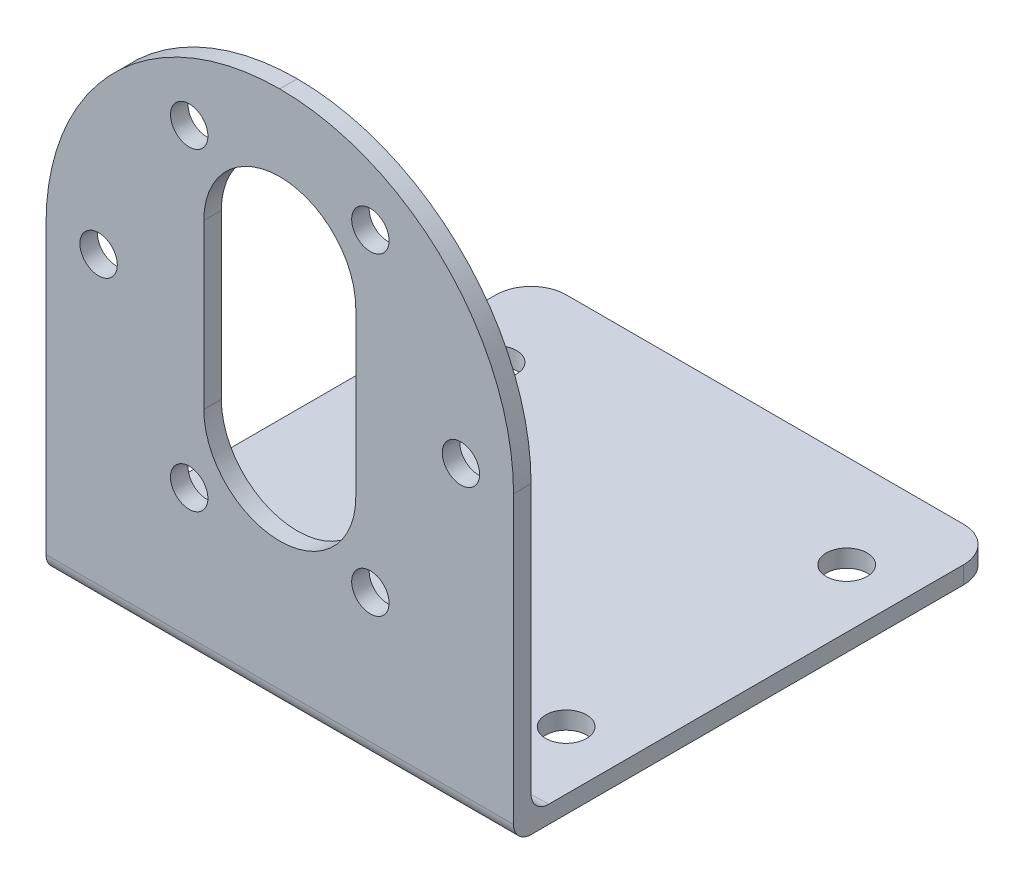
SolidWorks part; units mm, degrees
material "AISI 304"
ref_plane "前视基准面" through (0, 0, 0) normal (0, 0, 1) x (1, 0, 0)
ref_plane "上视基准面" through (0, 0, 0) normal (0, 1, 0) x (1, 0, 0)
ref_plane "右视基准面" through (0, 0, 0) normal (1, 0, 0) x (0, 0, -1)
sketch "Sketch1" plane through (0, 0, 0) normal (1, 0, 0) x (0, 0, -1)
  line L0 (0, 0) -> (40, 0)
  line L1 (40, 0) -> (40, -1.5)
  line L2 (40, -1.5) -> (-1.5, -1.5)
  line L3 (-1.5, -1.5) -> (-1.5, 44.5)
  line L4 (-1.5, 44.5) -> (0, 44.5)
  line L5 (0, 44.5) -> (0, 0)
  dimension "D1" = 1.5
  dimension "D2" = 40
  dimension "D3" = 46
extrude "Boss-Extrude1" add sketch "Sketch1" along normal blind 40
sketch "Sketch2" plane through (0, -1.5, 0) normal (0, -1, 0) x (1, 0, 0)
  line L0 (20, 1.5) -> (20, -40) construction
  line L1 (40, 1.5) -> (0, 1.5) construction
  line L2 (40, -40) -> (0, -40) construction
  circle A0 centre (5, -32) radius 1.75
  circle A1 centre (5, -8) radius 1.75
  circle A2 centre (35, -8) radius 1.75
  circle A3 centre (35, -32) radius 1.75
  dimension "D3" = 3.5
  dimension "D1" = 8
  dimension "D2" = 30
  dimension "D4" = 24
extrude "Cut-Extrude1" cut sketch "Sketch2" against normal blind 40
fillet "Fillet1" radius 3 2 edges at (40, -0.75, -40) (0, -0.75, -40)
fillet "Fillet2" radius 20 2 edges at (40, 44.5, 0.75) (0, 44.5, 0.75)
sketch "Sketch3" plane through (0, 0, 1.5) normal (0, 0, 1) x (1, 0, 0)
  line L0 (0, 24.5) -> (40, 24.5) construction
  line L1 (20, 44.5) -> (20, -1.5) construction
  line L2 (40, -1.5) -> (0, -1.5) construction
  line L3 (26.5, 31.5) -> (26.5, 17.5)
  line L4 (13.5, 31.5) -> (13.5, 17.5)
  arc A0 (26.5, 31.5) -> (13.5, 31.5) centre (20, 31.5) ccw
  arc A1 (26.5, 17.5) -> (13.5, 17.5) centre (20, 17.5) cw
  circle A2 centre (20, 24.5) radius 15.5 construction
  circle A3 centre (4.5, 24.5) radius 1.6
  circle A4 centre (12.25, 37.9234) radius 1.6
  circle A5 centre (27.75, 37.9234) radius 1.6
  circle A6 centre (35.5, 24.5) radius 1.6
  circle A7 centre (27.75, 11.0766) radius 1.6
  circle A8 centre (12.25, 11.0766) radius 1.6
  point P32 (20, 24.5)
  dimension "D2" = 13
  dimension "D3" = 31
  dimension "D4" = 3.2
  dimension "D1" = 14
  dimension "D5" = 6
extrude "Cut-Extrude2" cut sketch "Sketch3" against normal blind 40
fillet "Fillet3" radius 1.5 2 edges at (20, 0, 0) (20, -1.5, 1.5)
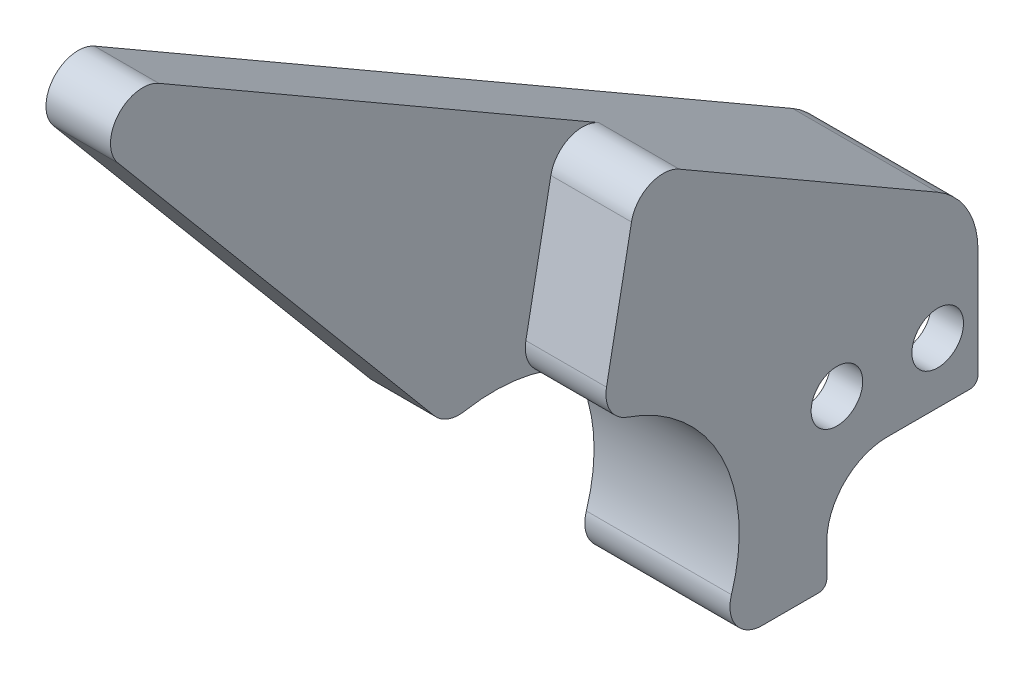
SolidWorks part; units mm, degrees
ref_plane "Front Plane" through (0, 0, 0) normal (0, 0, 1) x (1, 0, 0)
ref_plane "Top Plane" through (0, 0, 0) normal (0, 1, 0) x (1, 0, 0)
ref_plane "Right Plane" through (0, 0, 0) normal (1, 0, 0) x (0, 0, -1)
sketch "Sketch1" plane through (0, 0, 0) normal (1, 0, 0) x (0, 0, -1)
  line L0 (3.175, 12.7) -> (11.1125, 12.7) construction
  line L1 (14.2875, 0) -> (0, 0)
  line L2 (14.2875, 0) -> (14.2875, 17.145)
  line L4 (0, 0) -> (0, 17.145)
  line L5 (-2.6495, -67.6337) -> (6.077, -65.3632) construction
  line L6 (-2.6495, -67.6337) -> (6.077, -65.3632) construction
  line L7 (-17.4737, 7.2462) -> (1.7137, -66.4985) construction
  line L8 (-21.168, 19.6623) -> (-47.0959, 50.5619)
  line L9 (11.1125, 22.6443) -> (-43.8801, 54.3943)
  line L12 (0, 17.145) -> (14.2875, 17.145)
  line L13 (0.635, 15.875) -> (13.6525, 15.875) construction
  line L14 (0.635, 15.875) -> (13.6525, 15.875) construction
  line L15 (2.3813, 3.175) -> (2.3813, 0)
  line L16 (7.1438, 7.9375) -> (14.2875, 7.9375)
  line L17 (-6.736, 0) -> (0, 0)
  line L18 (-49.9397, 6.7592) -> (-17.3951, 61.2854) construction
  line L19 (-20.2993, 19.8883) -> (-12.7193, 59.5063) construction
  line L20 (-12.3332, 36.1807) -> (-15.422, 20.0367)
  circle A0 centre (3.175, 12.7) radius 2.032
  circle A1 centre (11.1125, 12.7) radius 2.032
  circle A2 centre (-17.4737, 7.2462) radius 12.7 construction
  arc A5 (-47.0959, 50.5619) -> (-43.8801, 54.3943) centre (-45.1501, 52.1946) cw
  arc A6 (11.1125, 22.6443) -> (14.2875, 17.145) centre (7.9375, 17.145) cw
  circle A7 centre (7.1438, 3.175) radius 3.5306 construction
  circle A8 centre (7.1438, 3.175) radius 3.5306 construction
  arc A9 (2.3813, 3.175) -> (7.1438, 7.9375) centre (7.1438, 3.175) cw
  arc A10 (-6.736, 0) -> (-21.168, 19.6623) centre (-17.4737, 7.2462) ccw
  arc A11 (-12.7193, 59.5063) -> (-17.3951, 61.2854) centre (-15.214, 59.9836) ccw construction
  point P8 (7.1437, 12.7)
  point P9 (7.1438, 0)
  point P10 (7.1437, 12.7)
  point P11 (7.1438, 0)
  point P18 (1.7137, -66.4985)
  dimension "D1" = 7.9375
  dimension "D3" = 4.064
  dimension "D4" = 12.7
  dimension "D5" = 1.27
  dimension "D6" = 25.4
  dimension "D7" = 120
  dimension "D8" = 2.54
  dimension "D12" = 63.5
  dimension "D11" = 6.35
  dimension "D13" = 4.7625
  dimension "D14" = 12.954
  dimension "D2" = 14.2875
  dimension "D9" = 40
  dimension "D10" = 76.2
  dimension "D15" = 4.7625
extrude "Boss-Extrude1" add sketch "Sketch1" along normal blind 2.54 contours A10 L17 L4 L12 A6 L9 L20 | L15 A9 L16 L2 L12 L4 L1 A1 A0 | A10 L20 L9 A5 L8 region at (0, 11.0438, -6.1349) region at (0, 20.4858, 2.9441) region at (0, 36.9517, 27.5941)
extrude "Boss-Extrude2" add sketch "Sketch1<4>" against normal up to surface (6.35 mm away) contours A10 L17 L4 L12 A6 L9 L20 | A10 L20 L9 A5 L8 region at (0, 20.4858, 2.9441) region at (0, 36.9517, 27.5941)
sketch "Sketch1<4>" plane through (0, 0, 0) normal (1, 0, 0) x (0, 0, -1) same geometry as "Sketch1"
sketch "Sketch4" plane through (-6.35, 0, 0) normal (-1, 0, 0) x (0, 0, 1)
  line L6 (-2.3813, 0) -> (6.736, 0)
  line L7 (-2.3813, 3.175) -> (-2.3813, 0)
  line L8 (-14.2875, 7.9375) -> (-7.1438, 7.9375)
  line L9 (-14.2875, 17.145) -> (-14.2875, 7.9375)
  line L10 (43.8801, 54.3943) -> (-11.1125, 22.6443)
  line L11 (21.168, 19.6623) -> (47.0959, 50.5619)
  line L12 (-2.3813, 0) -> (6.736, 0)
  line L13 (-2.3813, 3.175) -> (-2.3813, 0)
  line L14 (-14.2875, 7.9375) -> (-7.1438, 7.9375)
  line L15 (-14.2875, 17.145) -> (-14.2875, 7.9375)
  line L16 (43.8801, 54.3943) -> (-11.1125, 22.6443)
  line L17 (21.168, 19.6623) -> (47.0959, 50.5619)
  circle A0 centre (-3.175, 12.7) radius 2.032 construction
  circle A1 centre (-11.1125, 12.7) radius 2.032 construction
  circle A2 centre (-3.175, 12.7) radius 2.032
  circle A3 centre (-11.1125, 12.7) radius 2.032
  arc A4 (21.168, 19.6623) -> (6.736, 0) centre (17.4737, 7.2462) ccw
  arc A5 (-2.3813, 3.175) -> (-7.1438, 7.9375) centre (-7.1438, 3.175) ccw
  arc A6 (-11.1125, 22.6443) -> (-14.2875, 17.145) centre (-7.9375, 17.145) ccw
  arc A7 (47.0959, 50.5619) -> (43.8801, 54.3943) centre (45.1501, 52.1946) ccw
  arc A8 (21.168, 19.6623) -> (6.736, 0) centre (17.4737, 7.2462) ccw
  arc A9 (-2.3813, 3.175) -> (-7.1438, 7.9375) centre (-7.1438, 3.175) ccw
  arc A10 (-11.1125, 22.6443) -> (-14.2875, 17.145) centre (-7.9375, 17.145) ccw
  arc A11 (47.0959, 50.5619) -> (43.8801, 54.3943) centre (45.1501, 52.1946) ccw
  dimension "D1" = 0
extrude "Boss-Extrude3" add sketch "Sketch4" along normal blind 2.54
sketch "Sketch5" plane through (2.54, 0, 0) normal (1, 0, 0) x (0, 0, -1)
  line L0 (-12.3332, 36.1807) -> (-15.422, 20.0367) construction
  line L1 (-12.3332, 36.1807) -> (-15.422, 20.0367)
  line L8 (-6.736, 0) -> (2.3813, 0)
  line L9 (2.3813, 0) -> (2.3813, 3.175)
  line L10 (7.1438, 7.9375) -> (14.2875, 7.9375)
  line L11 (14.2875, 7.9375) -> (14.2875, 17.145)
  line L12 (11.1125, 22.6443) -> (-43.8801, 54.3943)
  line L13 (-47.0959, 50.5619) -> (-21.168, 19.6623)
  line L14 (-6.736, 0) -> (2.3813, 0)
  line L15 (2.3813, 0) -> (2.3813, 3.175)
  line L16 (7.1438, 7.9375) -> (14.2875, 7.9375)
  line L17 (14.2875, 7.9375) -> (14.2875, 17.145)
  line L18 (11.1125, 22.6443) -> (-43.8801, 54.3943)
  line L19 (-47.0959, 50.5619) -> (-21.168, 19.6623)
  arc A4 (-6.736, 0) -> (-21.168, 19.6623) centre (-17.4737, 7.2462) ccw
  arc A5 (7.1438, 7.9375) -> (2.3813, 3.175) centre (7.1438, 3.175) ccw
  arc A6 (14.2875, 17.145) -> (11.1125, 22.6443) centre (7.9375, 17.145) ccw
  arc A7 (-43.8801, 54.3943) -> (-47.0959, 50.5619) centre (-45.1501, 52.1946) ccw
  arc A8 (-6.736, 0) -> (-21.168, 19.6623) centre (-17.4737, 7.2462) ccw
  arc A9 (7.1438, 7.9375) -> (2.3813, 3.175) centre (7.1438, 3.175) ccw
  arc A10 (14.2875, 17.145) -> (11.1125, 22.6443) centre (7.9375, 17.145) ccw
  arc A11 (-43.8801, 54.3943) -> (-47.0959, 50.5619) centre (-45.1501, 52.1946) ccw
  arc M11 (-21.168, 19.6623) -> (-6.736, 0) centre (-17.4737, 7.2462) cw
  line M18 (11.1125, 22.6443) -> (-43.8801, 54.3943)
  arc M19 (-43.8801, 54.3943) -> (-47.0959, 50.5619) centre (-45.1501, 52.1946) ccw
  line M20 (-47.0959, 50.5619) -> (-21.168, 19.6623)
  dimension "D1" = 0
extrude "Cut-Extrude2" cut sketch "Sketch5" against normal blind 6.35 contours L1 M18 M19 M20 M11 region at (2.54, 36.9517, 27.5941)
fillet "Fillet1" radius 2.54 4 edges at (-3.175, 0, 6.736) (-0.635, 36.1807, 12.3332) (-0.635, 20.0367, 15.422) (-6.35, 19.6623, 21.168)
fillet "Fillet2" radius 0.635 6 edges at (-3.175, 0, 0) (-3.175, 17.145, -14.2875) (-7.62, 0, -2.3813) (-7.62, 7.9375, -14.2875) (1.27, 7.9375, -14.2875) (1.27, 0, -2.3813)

§ WHAT NEEDS TO BE DONE: Copy out, in full, each line above that has the word "extrude" in it.

§ ANSWER BELOW:
extrude "Boss-Extrude1" add sketch "Sketch1" along normal blind 40
extrude "Cut-Extrude1" cut sketch "Sketch2" against normal blind 40
extrude "Cut-Extrude2" cut sketch "Sketch3" against normal blind 40
extrude "Boss-Extrude1" add sketch "Sketch1" along normal blind 2.54 contours A10 L17 L4 L12 A6 L9 L20 | L15 A9 L16 L2 L12 L4 L1 A1 A0 | A10 L20 L9 A5 L8 region at (0, 11.0438, -6.1349) region at (0, 20.4858, 2.9441) region at (0, 36.9517, 27.5941)
extrude "Boss-Extrude2" add sketch "Sketch1<4>" against normal up to surface (6.35 mm away) contours A10 L17 L4 L12 A6 L9 L20 | A10 L20 L9 A5 L8 region at (0, 20.4858, 2.9441) region at (0, 36.9517, 27.5941)
extrude "Boss-Extrude3" add sketch "Sketch4" along normal blind 2.54
extrude "Cut-Extrude2" cut sketch "Sketch5" against normal blind 6.35 contours L1 M18 M19 M20 M11 region at (2.54, 36.9517, 27.5941)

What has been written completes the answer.